▸ **EXERCISE AIM**: Repeat every line below exactly as it reads.

▸ **RAW DATA**:

:::::

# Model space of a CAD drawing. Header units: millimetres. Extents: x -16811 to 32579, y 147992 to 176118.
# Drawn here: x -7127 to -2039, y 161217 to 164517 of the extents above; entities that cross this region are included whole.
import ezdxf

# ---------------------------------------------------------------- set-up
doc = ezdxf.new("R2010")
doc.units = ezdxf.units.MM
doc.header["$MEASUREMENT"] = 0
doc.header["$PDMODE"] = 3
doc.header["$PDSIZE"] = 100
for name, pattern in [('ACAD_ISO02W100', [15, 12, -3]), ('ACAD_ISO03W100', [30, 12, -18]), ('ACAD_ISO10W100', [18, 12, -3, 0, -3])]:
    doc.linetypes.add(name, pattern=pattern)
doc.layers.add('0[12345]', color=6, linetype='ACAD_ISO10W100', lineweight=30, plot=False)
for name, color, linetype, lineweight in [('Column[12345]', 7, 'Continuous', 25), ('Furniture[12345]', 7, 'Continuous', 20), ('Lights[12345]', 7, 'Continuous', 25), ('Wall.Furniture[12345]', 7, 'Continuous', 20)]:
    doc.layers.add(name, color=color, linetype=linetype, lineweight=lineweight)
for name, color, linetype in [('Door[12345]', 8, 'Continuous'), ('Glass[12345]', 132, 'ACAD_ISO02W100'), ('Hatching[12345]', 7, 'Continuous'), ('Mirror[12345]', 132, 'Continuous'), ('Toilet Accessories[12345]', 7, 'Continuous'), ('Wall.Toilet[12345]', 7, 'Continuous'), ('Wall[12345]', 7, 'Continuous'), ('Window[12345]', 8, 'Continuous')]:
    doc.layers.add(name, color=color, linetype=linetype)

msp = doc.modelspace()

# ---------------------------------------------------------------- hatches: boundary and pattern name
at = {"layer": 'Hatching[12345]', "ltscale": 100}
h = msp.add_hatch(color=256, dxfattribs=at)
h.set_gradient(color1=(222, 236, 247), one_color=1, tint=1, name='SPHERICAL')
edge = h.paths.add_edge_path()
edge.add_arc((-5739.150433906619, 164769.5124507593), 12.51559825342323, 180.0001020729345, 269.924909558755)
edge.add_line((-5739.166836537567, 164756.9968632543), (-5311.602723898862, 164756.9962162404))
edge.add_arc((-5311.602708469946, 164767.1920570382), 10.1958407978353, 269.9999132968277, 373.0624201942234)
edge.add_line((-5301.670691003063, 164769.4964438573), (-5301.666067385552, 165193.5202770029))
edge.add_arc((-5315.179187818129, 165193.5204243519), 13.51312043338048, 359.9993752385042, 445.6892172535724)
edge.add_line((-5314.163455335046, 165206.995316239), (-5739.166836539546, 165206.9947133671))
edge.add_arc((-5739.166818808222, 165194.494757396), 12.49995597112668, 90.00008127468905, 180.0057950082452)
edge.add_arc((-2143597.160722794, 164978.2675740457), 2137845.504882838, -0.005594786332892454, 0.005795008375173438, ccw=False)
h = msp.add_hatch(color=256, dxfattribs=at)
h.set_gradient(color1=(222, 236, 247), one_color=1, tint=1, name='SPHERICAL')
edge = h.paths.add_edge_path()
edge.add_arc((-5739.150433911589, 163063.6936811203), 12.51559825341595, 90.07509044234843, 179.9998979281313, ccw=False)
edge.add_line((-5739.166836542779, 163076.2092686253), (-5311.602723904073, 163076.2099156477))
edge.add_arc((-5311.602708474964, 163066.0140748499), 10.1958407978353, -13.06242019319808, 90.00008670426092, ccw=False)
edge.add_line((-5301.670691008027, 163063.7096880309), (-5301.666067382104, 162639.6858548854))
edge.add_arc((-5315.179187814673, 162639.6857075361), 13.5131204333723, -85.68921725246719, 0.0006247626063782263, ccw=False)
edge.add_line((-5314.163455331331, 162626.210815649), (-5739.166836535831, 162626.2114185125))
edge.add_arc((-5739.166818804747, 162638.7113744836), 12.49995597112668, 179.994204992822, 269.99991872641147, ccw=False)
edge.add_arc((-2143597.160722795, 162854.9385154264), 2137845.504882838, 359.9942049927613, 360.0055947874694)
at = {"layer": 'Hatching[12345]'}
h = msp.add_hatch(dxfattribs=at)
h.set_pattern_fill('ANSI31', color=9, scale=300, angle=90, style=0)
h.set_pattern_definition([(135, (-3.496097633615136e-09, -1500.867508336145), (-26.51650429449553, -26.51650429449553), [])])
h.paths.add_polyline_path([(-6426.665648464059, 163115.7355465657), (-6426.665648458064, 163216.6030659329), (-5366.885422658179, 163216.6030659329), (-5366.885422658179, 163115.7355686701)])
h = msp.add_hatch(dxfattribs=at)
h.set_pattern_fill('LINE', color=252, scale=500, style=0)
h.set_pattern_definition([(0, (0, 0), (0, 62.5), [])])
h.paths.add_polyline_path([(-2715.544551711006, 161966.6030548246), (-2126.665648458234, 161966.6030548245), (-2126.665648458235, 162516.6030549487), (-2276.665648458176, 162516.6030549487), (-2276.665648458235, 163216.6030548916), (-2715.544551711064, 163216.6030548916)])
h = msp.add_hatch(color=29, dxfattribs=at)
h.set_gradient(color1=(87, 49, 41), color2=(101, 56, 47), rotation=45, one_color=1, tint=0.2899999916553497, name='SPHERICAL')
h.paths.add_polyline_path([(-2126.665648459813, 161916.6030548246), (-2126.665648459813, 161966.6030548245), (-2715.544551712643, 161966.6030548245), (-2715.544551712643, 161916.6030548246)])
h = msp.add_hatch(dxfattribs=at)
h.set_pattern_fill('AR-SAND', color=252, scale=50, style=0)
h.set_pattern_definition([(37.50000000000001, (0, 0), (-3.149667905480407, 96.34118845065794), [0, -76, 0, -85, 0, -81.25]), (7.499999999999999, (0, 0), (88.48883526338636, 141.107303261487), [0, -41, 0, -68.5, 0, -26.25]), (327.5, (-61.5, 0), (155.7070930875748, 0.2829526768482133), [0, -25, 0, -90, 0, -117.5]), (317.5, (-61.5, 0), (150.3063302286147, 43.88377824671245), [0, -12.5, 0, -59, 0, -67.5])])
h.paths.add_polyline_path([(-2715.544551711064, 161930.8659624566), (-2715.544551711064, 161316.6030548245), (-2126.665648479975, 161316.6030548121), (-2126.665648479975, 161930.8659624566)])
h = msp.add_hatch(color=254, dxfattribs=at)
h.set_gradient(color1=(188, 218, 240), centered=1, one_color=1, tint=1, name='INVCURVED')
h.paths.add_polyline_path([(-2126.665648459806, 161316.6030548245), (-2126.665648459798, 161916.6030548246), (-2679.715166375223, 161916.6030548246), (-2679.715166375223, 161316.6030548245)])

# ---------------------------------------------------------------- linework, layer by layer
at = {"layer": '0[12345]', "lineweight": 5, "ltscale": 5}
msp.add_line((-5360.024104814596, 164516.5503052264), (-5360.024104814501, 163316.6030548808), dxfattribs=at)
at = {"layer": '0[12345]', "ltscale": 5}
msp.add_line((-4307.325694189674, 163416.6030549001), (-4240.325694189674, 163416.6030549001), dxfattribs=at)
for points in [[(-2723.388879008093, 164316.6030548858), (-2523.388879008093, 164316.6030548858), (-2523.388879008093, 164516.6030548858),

:::::

▸ **WORKED SOLUTION**:
# Model space of a CAD drawing. Header units: millimetres. Extents: x -16811 to 32579, y 147992 to 176118.
# Drawn here: x -7127 to -2039, y 161217 to 164517 of the extents above; entities that cross this region are included whole.
import ezdxf

# ---------------------------------------------------------------- set-up
doc = ezdxf.new("R2010")
doc.units = ezdxf.units.MM
doc.header["$MEASUREMENT"] = 0
doc.header["$PDMODE"] = 3
doc.header["$PDSIZE"] = 100
for name, pattern in [('ACAD_ISO02W100', [15, 12, -3]), ('ACAD_ISO03W100', [30, 12, -18]), ('ACAD_ISO10W100', [18, 12, -3, 0, -3])]:
    doc.linetypes.add(name, pattern=pattern)
doc.layers.add('0[12345]', color=6, linetype='ACAD_ISO10W100', lineweight=30, plot=False)
for name, color, linetype, lineweight in [('Column[12345]', 7, 'Continuous', 25), ('Furniture[12345]', 7, 'Continuous', 20), ('Lights[12345]', 7, 'Continuous', 25), ('Wall.Furniture[12345]', 7, 'Continuous', 20)]:
    doc.layers.add(name, color=color, linetype=linetype, lineweight=lineweight)
for name, color, linetype in [('Door[12345]', 8, 'Continuous'), ('Glass[12345]', 132, 'ACAD_ISO02W100'), ('Hatching[12345]', 7, 'Continuous'), ('Mirror[12345]', 132, 'Continuous'), ('Toilet Accessories[12345]', 7, 'Continuous'), ('Wall.Toilet[12345]', 7, 'Continuous'), ('Wall[12345]', 7, 'Continuous'), ('Window[12345]', 8, 'Continuous')]:
    doc.layers.add(name, color=color, linetype=linetype)

msp = doc.modelspace()

# ---------------------------------------------------------------- hatches: boundary and pattern name
at = {"layer": 'Hatching[12345]', "ltscale": 100}
h = msp.add_hatch(color=256, dxfattribs=at)
h.set_gradient(color1=(222, 236, 247), one_color=1, tint=1, name='SPHERICAL')
edge = h.paths.add_edge_path()
edge.add_arc((-5739.150433906619, 164769.5124507593), 12.51559825342323, 180.0001020729345, 269.924909558755)
edge.add_line((-5739.166836537567, 164756.9968632543), (-5311.602723898862, 164756.9962162404))
edge.add_arc((-5311.602708469946, 164767.1920570382), 10.1958407978353, 269.9999132968277, 373.0624201942234)
edge.add_line((-5301.670691003063, 164769.4964438573), (-5301.666067385552, 165193.5202770029))
edge.add_arc((-5315.179187818129, 165193.5204243519), 13.51312043338048, 359.9993752385042, 445.6892172535724)
edge.add_line((-5314.163455335046, 165206.995316239), (-5739.166836539546, 165206.9947133671))
edge.add_arc((-5739.166818808222, 165194.494757396), 12.49995597112668, 90.00008127468905, 180.0057950082452)
edge.add_arc((-2143597.160722794, 164978.2675740457), 2137845.504882838, -0.005594786332892454, 0.005795008375173438, ccw=False)
h = msp.add_hatch(color=256, dxfattribs=at)
h.set_gradient(color1=(222, 236, 247), one_color=1, tint=1, name='SPHERICAL')
edge = h.paths.add_edge_path()
edge.add_arc((-5739.150433911589, 163063.6936811203), 12.51559825341595, 90.07509044234843, 179.9998979281313, ccw=False)
edge.add_line((-5739.166836542779, 163076.2092686253), (-5311.602723904073, 163076.2099156477))
edge.add_arc((-5311.602708474964, 163066.0140748499), 10.1958407978353, -13.06242019319808, 90.00008670426092, ccw=False)
edge.add_line((-5301.670691008027, 163063.7096880309), (-5301.666067382104, 162639.6858548854))
edge.add_arc((-5315.179187814673, 162639.6857075361), 13.5131204333723, -85.68921725246719, 0.0006247626063782263, ccw=False)
edge.add_line((-5314.163455331331, 162626.210815649), (-5739.166836535831, 162626.2114185125))
edge.add_arc((-5739.166818804747, 162638.7113744836), 12.49995597112668, 179.994204992822, 269.99991872641147, ccw=False)
edge.add_arc((-2143597.160722795, 162854.9385154264), 2137845.504882838, 359.9942049927613, 360.0055947874694)
at = {"layer": 'Hatching[12345]'}
h = msp.add_hatch(dxfattribs=at)
h.set_pattern_fill('ANSI31', color=9, scale=300, angle=90, style=0)
h.set_pattern_definition([(135, (-3.496097633615136e-09, -1500.867508336145), (-26.51650429449553, -26.51650429449553), [])])
h.paths.add_polyline_path([(-6426.665648464059, 163115.7355465657), (-6426.665648458064, 163216.6030659329), (-5366.885422658179, 163216.6030659329), (-5366.885422658179, 163115.7355686701)])
h = msp.add_hatch(dxfattribs=at)
h.set_pattern_fill('LINE', color=252, scale=500, style=0)
h.set_pattern_definition([(0, (0, 0), (0, 62.5), [])])
h.paths.add_polyline_path([(-2715.544551711006, 161966.6030548246), (-2126.665648458234, 161966.6030548245), (-2126.665648458235, 162516.6030549487), (-2276.665648458176, 162516.6030549487), (-2276.665648458235, 163216.6030548916), (-2715.544551711064, 163216.6030548916)])
h = msp.add_hatch(color=29, dxfattribs=at)
h.set_gradient(color1=(87, 49, 41), color2=(101, 56, 47), rotation=45, one_color=1, tint=0.2899999916553497, name='SPHERICAL')
h.paths.add_polyline_path([(-2126.665648459813, 161916.6030548246), (-2126.665648459813, 161966.6030548245), (-2715.544551712643, 161966.6030548245), (-2715.544551712643, 161916.6030548246)])
h = msp.add_hatch(dxfattribs=at)
h.set_pattern_fill('AR-SAND', color=252, scale=50, style=0)
h.set_pattern_definition([(37.50000000000001, (0, 0), (-3.149667905480407, 96.34118845065794), [0, -76, 0, -85, 0, -81.25]), (7.499999999999999, (0, 0), (88.48883526338636, 141.107303261487), [0, -41, 0, -68.5, 0, -26.25]), (327.5, (-61.5, 0), (155.7070930875748, 0.2829526768482133), [0, -25, 0, -90, 0, -117.5]), (317.5, (-61.5, 0), (150.3063302286147, 43.88377824671245), [0, -12.5, 0, -59, 0, -67.5])])
h.paths.add_polyline_path([(-2715.544551711064, 161930.8659624566), (-2715.544551711064, 161316.6030548245), (-2126.665648479975, 161316.6030548121), (-2126.665648479975, 161930.8659624566)])
h = msp.add_hatch(color=254, dxfattribs=at)
h.set_gradient(color1=(188, 218, 240), centered=1, one_color=1, tint=1, name='INVCURVED')
h.paths.add_polyline_path([(-2126.665648459806, 161316.6030548245), (-2126.665648459798, 161916.6030548246), (-2679.715166375223, 161916.6030548246), (-2679.715166375223, 161316.6030548245)])

# ---------------------------------------------------------------- linework, layer by layer
at = {"layer": '0[12345]', "lineweight": 5, "ltscale": 5}
msp.add_line((-5360.024104814596, 164516.5503052264), (-5360.024104814501, 163316.6030548808), dxfattribs=at)
at = {"layer": '0[12345]', "ltscale": 5}
msp.add_line((-4307.325694189674, 163416.6030549001), (-4240.325694189674, 163416.6030549001), dxfattribs=at)
for points in [[(-2723.388879008093, 164316.6030548858), (-2523.388879008093, 164316.6030548858), (-2523.388879008093, 164516.6030548858),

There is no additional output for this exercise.